The overarching benefit here is that the management burden at the studio is reduced to one output to support a wide array of audio contribution and distribution requirements.
OUT IN THE REAL WORLD
Philadelphia-based WXPN, the public radio service of the University of Pennsylvania, is one example of a major broadcaster that has embraced the benefits of uncompressed audio over IP for program syndication. The broadcaster set out to develop a more sustainable distribution model for its XPoNential Radio channel, leveraging the Reflector Service from StreamGuys and Barix.
XPoNential Radio was originally distributed to affiliates via satellite and offered only for use on HD2 or HD3 channels. WXPN wanted to widen the usage of the channel to include primary broadcast, and while it continues to use satellite for national programming, the station sought an alternative, sustainable distribution model for the smaller-scale XPoNential Radio. Despite cost-effectiveness being one of the station’s motivations, quality and reliability were also key criteria.
The WXPN architecture leverages uncompressed PCM audio, which is transported between the encoding and decoding endpoints across the CDN infrastructure, while link management is simplified through a cloud-based portal. The station has achieved lossless, CD-quality audio enabled by uncompressed delivery to affiliates as far away as Alaska. New affiliates plug in Ethernet, power and audio cables to receive XPoNential Radio programming. Affiliates connect using 1.4 to 1.5 Mbps of bandwidth, which is plenty to receive the uncompressed signal and deliver it to consumers.
Moving the service to the cloud simplifies management, with station personnel able to access the portal to confirm that all clients are connected and streaming. The portal also allows operators to start, stop and configure delivery to each affiliate. Service can also be terminated for any client directly through the management portal.

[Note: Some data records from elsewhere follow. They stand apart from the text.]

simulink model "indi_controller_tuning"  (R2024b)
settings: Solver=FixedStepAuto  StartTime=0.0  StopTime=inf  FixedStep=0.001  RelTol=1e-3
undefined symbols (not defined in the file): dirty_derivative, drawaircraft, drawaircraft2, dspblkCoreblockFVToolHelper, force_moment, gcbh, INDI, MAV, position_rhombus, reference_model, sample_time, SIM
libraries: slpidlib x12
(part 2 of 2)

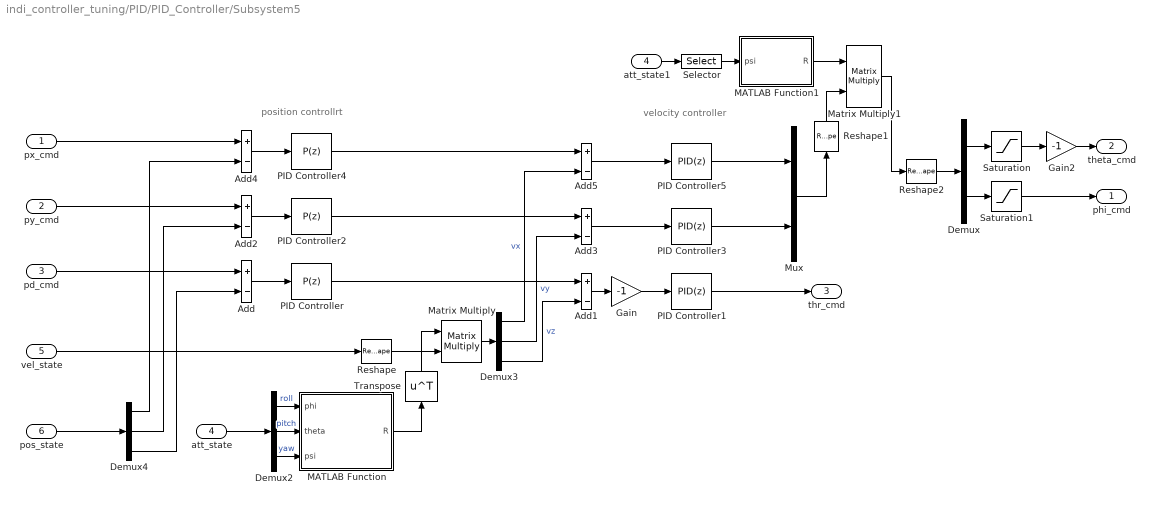
== system indi_controller_tuning/PID/PID_Controller/Subsystem5 ==
  note: velocity controller
  note: position controllrt
  px_cmd : Inport
  py_cmd : Inport  Port=2
  pd_cmd : Inport  Port=3
  att_state : Inport  Port=4
  vel_state : Inport  Port=5
  pos_state : Inport  Port=6
  Add{,1..5} (6 alike) : Sum  Inputs=+-
  Demux : Demux  Outputs=2
  Demux2 : Demux  Outputs=3
  Demux3 : Demux  Outputs=3
  Demux4 : Demux  Outputs=3
  Gain : Gain  Gain=-1
  Gain2 : Gain  Gain=-1
  MATLAB Function : MATLAB Function  TreatAsAtomicUnit=on
  MATLAB Function1 : MATLAB Function  TreatAsAtomicUnit=on
  Matrix Multiply : Product  Multiplication=Matrix(*)
  Matrix Multiply1 : Product  Multiplication=Matrix(*)
  Mux : Mux  Inputs=2
  PID Controller : slpidlib/PID Controller  Controller=P  Form=Parallel  TimeDomain=Discrete-time  UseExternalTs=off  SampleTime=sample_time  IntegratorMethod=Forward Euler  FilterMethod=Forward Euler  ControllerParametersSource=internal  P=1.55741678828513  I=1  UseKiTs=off  D=0  UseExternalDerivativeSource=off  N=100  UseFilter=on  TunerSelectOption=Transfer Function Based (PID Tuner App)  InitialConditionSource=internal  InitialConditionForIntegrator=0  InitialConditionForFilter=0  DifferentiatorICPrevScaledInput=0  ExternalReset=none  TrackingMode=off  Kt=1  LimitOutput=on  SatLimitsSource=internal  UpperSaturationLimit=2.5  LowerSaturationLimit=-2.5  LinearizeAsGain=on  AntiWindupMode=none  Kb=1  LimitIntegrator=off  UpperIntegratorSaturationLimit=inf  LowerIntegratorSaturationLimit=-inf  POutMin=[]  POutMax=[]  IOutMin=[]  IOutMax=[]  DOutMin=[]  DOutMax=[]  NOutMin=[]  NOutMax=[]  SumOutMin=[]  SumOutMax=[]  SaturationOutMin=[]  SaturationOutMax=[]  PParamMin=[]  PParamMax=[]  IParamMin=[]  IParamMax=[]  DParamMin=[]  DParamMax=[]  NParamMin=[]  NParamMax=[]  KbParamMin=[]  KbParamMax=[]  KtParamMin=[]  KtParamMax=[]  KbOutMin=[]  KbOutMax=[]  KtOutMin=[]  KtOutMax=[]  IntegratorOutMin=[]  IntegratorOutMax=[]  FilterOutMin=[]  FilterOutMax=[]  SumI1OutMin=[]  SumI1OutMax=[]  SumI2OutMin=[]  SumI2OutMax=[]  SumI3OutMin=[]  SumI3OutMax=[]  SumI4OutMin=[]  SumI4OutMax=[]  SumDOutMin=[]  SumDOutMax=[]  DifferentiatorOutMin=[]  DifferentiatorOutMax=[]  FilterDiffOutCoefMin=[]  FilterDiffOutCoefMax=[]  ReciprocalOutMin=[]  ReciprocalOutMax=[]  SumDenOutMin=[]  SumDenOutMax=[]  SumNumOutMin=[]  SumNumOutMax=[]  DivideOutMin=[]  DivideOutMax=[]  UdiffTsProdOutMin=[]  UdiffTsProdOutMax=[]  NTsProdOutMin=[]  NTsProdOutMax=[]  UintegralTsProdOutMin=[]  UintegralTsProdOutMax=[]  UngainTsProdOutMin=[]  UngainTsProdOutMax=[]  ClampingZeroOutDataTypeStr=Inherit: Inherit via back propagation  ClampingZeroOutMin=[]  ClampingZeroOutMax=[]  FilterDenConstantOutDataTypeStr=Inherit: Inherit via back propagation  FilterDenConstantOutMin=[]  FilterDenConstantOutMax=[]  PCopyOutDataTypeStr=Inherit: Inherit via back propagation  PCopyOutMin=[]  PCopyOutMax=[]  NCopyOutDataTypeStr=Inherit: Inherit via back propagation  NCopyOutMin=[]  NCopyOutMax=[]  IntegratorContinuousStateAttributes=''  IntegratorStateMustResolveToSignalObject=off  IntegratorRTWStateStorageClass=Auto  FilterContinuousStateAttributes=''  FilterStateMustResolveToSignalObject=off  FilterRTWStateStorageClass=Auto  ParallelPVariant=InternalParameters  IdealPVariant=Disabled  IVariant=Disabled  DVariant=Disabled  IntegratorVariant=Disabled  SatVariant=Enabled  AWVariant=Disabled  PCopyVariant=Disabled  TRVariant=Disabled  FdbkBlocksVariant=Forward  IdealPFdbkVariant=Disabled  SatFdbkVariant=Disabled  DerivativeFilterVariant=Disabled  NVariant=Disabled  NCopyVariant=Disabled_SignalSpec  FilterICVariant=Disabled  IntegratorICVariant=Disabled  ExternalResetVariant=Disabled  TRSumVariant=Passthrough  SumFdbkVariant=Disabled  SumVariant=Passthrough_P  TsampFilterVariant=InternalTs  TsampNgainVariant=Passthrough  TsampIntegralVariant=Disabled_SignalSpec  ExternalSaturationOutDataTypeStr=Inherit: Same as second input  DerivativeSourceVariant=Disabled  PreIntVariant=InternalPreInt
  PID Controller1 : slpidlib/PID Controller  Controller=PID  Form=Parallel  TimeDomain=Discrete-time  UseExternalTs=off  SampleTime=sample_time  IntegratorMethod=Forward Euler  FilterMethod=Forward Euler  ControllerParametersSource=internal  P=8.52067722160773  I=8.12576415570105  UseKiTs=off  D=0.164011038210978  UseExternalDerivativeSource=off  N=48.9353550982802  UseFilter=on  TunerSelectOption=Transfer Function Based (PID Tuner App)  InitialConditionSource=internal  InitialConditionForIntegrator=0  InitialConditionForFilter=0  DifferentiatorICPrevScaledInput=0  ExternalReset=none  TrackingMode=off  Kt=1  LimitOutput=on  SatLimitsSource=internal  UpperSaturationLimit=0.3*11  LowerSaturationLimit=-0.3*11  LinearizeAsGain=on  AntiWindupMode=clamping  Kb=1  LimitIntegrator=off  UpperIntegratorSaturationLimit=inf  LowerIntegratorSaturationLimit=-inf  POutMin=[]  POutMax=[]  IOutMin=[]  IOutMax=[]  DOutMin=[]  DOutMax=[]  NOutMin=[]  NOutMax=[]  SumOutMin=[]  SumOutMax=[]  SaturationOutMin=[]  SaturationOutMax=[]  PParamMin=[]  PParamMax=[]  IParamMin=[]  IParamMax=[]  DParamMin=[]  DParamMax=[]  NParamMin=[]  NParamMax=[]  KbParamMin=[]  KbParamMax=[]  KtParamMin=[]  KtParamMax=[]  KbOutMin=[]  KbOutMax=[]  KtOutMin=[]  KtOutMax=[]  IntegratorOutMin=[]  IntegratorOutMax=[]  FilterOutMin=[]  FilterOutMax=[]  SumI1OutMin=[]  SumI1OutMax=[]  SumI2OutMin=[]  SumI2OutMax=[]  SumI3OutMin=[]  SumI3OutMax=[]  SumI4OutMin=[]  SumI4OutMax=[]  SumDOutMin=[]  SumDOutMax=[]  DifferentiatorOutMin=[]  DifferentiatorOutMax=[]  FilterDiffOutCoefMin=[]  FilterDiffOutCoefMax=[]  ReciprocalOutMin=[]  ReciprocalOutMax=[]  SumDenOutMin=[]  SumDenOutMax=[]  SumNumOutMin=[]  SumNumOutMax=[]  DivideOutMin=[]  DivideOutMax=[]  UdiffTsProdOutMin=[]  UdiffTsProdOutMax=[]  NTsProdOutMin=[]  NTsProdOutMax=[]  UintegralTsProdOutMin=[]  UintegralTsProdOutMax=[]  UngainTsProdOutMin=[]  UngainTsProdOutMax=[]  ClampingZeroOutDataTypeStr=Inherit: Inherit via back propagation  ClampingZeroOutMin=[]  ClampingZeroOutMax=[]  FilterDenConstantOutDataTypeStr=Inherit: Inherit via back propagation  FilterDenConstantOutMin=[]  FilterDenConstantOutMax=[]  PCopyOutDataTypeStr=Inherit: Inherit via back propagation  PCopyOutMin=[]  PCopyOutMax=[]  NCopyOutDataTypeStr=Inherit: Inherit via back propagation  NCopyOutMin=[]  NCopyOutMax=[]  IntegratorContinuousStateAttributes=''  IntegratorStateMustResolveToSignalObject=off  IntegratorRTWStateStorageClass=Auto  FilterContinuousStateAttributes=''  FilterStateMustResolveToSignalObject=off  FilterRTWStateStorageClass=Auto  ParallelPVariant=InternalParameters  IdealPVariant=Disabled  IVariant=InternalParameters  DVariant=InternalParameters  IntegratorVariant=Discrete  SatVariant=Enabled  AWVariant=DiscClampingParallel  PCopyVariant=Disabled  TRVariant=Disabled  FdbkBlocksVariant=Forward  IdealPFdbkVariant=Disabled  SatFdbkVariant=Disabled  DerivativeFilterVariant=ForwardEulerFilter  NVariant=InternalParameters  NCopyVariant=Disabled  FilterICVariant=InternalICsFilter  IntegratorICVariant=InternalICs  ExternalResetVariant=Disabled  TRSumVariant=Passthrough  SumFdbkVariant=Disabled  SumVariant=Sum_PID  TsampFilterVariant=InternalTs  TsampNgainVariant=Passthrough  TsampIntegralVariant=Disabled_SignalSpec  ExternalSaturationOutDataTypeStr=Inherit: Same as second input  DerivativeSourceVariant=ErrorSignal  PreIntVariant=InternalPreInt
  PID Controller2 : slpidlib/PID Controller  Controller=P  Form=Parallel  TimeDomain=Discrete-time  UseExternalTs=off  SampleTime=sample_time  IntegratorMethod=Forward Euler  FilterMethod=Forward Euler  ControllerParametersSource=internal  P=0.183831516601899  I=1  UseKiTs=off  D=0  UseExternalDerivativeSource=off  N=100  UseFilter=on  TunerSelectOption=Transfer Function Based (PID Tuner App)  InitialConditionSource=internal  InitialConditionForIntegrator=0  InitialConditionForFilter=0  DifferentiatorICPrevScaledInput=0  ExternalReset=none  TrackingMode=off  Kt=1  LimitOutput=on  SatLimitsSource=internal  UpperSaturationLimit=5  LowerSaturationLimit=-5  LinearizeAsGain=on  AntiWindupMode=none  Kb=1  LimitIntegrator=off  UpperIntegratorSaturationLimit=inf  LowerIntegratorSaturationLimit=-inf  POutMin=[]  POutMax=[]  IOutMin=[]  IOutMax=[]  DOutMin=[]  DOutMax=[]  NOutMin=[]  NOutMax=[]  SumOutMin=[]  SumOutMax=[]  SaturationOutMin=[]  SaturationOutMax=[]  PParamMin=[]  PParamMax=[]  IParamMin=[]  IParamMax=[]  DParamMin=[]  DParamMax=[]  NParamMin=[]  NParamMax=[]  KbParamMin=[]  KbParamMax=[]  KtParamMin=[]  KtParamMax=[]  KbOutMin=[]  KbOutMax=[]  KtOutMin=[]  KtOutMax=[]  IntegratorOutMin=[]  IntegratorOutMax=[]  FilterOutMin=[]  FilterOutMax=[]  SumI1OutMin=[]  SumI1OutMax=[]  SumI2OutMin=[]  SumI2OutMax=[]  SumI3OutMin=[]  SumI3OutMax=[]  SumI4OutMin=[]  SumI4OutMax=[]  SumDOutMin=[]  SumDOutMax=[]  DifferentiatorOutMin=[]  DifferentiatorOutMax=[]  FilterDiffOutCoefMin=[]  FilterDiffOutCoefMax=[]  ReciprocalOutMin=[]  ReciprocalOutMax=[]  SumDenOutMin=[]  SumDenOutMax=[]  SumNumOutMin=[]  SumNumOutMax=[]  DivideOutMin=[]  DivideOutMax=[]  UdiffTsProdOutMin=[]  UdiffTsProdOutMax=[]  NTsProdOutMin=[]  NTsProdOutMax=[]  UintegralTsProdOutMin=[]  UintegralTsProdOutMax=[]  UngainTsProdOutMin=[]  UngainTsProdOutMax=[]  ClampingZeroOutDataTypeStr=Inherit: Inherit via back propagation  ClampingZeroOutMin=[]  ClampingZeroOutMax=[]  FilterDenConstantOutDataTypeStr=Inherit: Inherit via back propagation  FilterDenConstantOutMin=[]  FilterDenConstantOutMax=[]  PCopyOutDataTypeStr=Inherit: Inherit via back propagation  PCopyOutMin=[]  PCopyOutMax=[]  NCopyOutDataTypeStr=Inherit: Inherit via back propagation  NCopyOutMin=[]  NCopyOutMax=[]  IntegratorContinuousStateAttributes=''  IntegratorStateMustResolveToSignalObject=off  IntegratorRTWStateStorageClass=Auto  FilterContinuousStateAttributes=''  FilterStateMustResolveToSignalObject=off  FilterRTWStateStorageClass=Auto  ParallelPVariant=InternalParameters  IdealPVariant=Disabled  IVariant=Disabled  DVariant=Disabled  IntegratorVariant=Disabled  SatVariant=Enabled  AWVariant=Disabled  PCopyVariant=Disabled  TRVariant=Disabled  FdbkBlocksVariant=Forward  IdealPFdbkVariant=Disabled  SatFdbkVariant=Disabled  DerivativeFilterVariant=Disabled  NVariant=Disabled  NCopyVariant=Disabled_SignalSpec  FilterICVariant=Disabled  IntegratorICVariant=Disabled  ExternalResetVariant=Disabled  TRSumVariant=Passthrough  SumFdbkVariant=Disabled  SumVariant=Passthrough_P  TsampFilterVariant=InternalTs  TsampNgainVariant=Passthrough  TsampIntegralVariant=Disabled_SignalSpec  ExternalSaturationOutDataTypeStr=Inherit: Same as second input  DerivativeSourceVariant=Disabled  PreIntVariant=InternalPreInt
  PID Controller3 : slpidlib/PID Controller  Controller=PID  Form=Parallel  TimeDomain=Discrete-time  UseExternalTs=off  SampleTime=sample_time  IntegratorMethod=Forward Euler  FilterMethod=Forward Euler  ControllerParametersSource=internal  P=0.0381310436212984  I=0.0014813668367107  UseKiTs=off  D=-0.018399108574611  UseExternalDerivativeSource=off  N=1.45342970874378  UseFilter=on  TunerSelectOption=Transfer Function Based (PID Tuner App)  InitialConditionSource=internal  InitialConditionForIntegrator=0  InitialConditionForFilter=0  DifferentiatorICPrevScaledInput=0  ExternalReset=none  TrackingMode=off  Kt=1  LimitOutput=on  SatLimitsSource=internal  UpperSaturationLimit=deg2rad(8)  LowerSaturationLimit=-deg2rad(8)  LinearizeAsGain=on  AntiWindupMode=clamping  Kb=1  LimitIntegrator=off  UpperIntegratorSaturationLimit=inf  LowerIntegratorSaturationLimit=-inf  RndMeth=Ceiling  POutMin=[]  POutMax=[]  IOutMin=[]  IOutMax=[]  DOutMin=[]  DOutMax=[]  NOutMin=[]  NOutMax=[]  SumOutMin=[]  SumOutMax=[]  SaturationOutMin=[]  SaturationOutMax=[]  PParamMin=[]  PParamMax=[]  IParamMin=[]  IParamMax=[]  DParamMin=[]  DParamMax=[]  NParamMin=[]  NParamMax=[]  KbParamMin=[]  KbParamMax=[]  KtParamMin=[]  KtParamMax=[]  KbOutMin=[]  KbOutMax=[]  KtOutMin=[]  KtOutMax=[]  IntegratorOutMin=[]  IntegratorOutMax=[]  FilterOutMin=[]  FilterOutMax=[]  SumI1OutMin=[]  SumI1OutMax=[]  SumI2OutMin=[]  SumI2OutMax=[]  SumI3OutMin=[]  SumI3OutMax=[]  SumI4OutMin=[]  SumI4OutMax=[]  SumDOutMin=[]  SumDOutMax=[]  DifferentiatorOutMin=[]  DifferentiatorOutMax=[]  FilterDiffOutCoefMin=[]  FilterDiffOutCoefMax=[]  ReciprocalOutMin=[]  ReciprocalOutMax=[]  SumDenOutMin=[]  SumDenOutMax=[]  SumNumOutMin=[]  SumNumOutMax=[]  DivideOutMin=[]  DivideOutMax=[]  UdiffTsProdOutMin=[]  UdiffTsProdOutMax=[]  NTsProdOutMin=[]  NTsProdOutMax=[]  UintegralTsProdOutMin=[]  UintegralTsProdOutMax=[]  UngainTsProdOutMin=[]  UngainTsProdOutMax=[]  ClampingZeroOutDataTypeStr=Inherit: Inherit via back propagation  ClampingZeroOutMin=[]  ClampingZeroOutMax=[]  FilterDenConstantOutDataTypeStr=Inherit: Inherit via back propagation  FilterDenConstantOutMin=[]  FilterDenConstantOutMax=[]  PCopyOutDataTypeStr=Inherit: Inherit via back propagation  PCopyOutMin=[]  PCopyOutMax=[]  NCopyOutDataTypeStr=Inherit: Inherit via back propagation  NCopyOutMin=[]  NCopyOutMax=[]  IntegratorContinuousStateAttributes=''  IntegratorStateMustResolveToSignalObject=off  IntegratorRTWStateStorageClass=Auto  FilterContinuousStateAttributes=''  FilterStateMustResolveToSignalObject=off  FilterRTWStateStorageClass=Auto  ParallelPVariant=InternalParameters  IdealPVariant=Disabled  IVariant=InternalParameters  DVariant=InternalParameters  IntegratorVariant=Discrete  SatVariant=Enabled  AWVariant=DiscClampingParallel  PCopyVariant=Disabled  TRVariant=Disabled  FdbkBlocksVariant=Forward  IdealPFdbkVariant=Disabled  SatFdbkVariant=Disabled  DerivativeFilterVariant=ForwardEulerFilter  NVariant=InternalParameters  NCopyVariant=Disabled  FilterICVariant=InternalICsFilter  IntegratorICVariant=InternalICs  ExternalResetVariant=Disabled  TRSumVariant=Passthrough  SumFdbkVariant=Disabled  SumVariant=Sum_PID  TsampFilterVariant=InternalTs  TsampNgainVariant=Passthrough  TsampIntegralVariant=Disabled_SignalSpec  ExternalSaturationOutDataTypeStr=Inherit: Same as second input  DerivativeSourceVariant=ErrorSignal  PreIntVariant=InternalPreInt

Affiliates also don’t need any “special” internet connectivity to use the service. A very modest 1.5 Mbps of bandwidth is enough to receive the uncompressed signal, and most consumer-level internet connections are sufficiently reliable and stable. Even WXPN does not require hefty bandwidth regardless of how many affiliates they serve, as the Barix Reflector service takes a single feed from the origin (a Barix codec), with StreamGuys’ delivery network scaling out the bandwidth for reaching recipients.
BRINGING IT TOGETHER
As we look deeper into the future, the enhanced reliability and flexibility of an uncompressed IP service will provide a strong value proposition that will be hard to deny. Uncompressed STL will simply deliver T1-like audio quality over IP unhindered by downstream processes like transcoding, while syndicators will save a great deal of money and labor in the transition from satellite to IP for contribution and distribution.
Moving encoders into the cloud will support more formats and services while reducing the systems management burden, both at the studio and elsewhere in the audio contribution and distribution chain. The opportunity to better manage metadata alongside the uncompressed program audio stream will strengthen business opportunities and the consumer experience. And, the adaptability to accommodate even high-resolution formats as network conditions evolve will surely open new doors from both a service provision and listener experience perspective.
Kiriki Delany, a musician, computer geek and multimedia specialist, founded StreamGuys in 2000. Johannes Rietschel, a communications engineer by heart, founded Barix AG in 2000 and serves as CTO.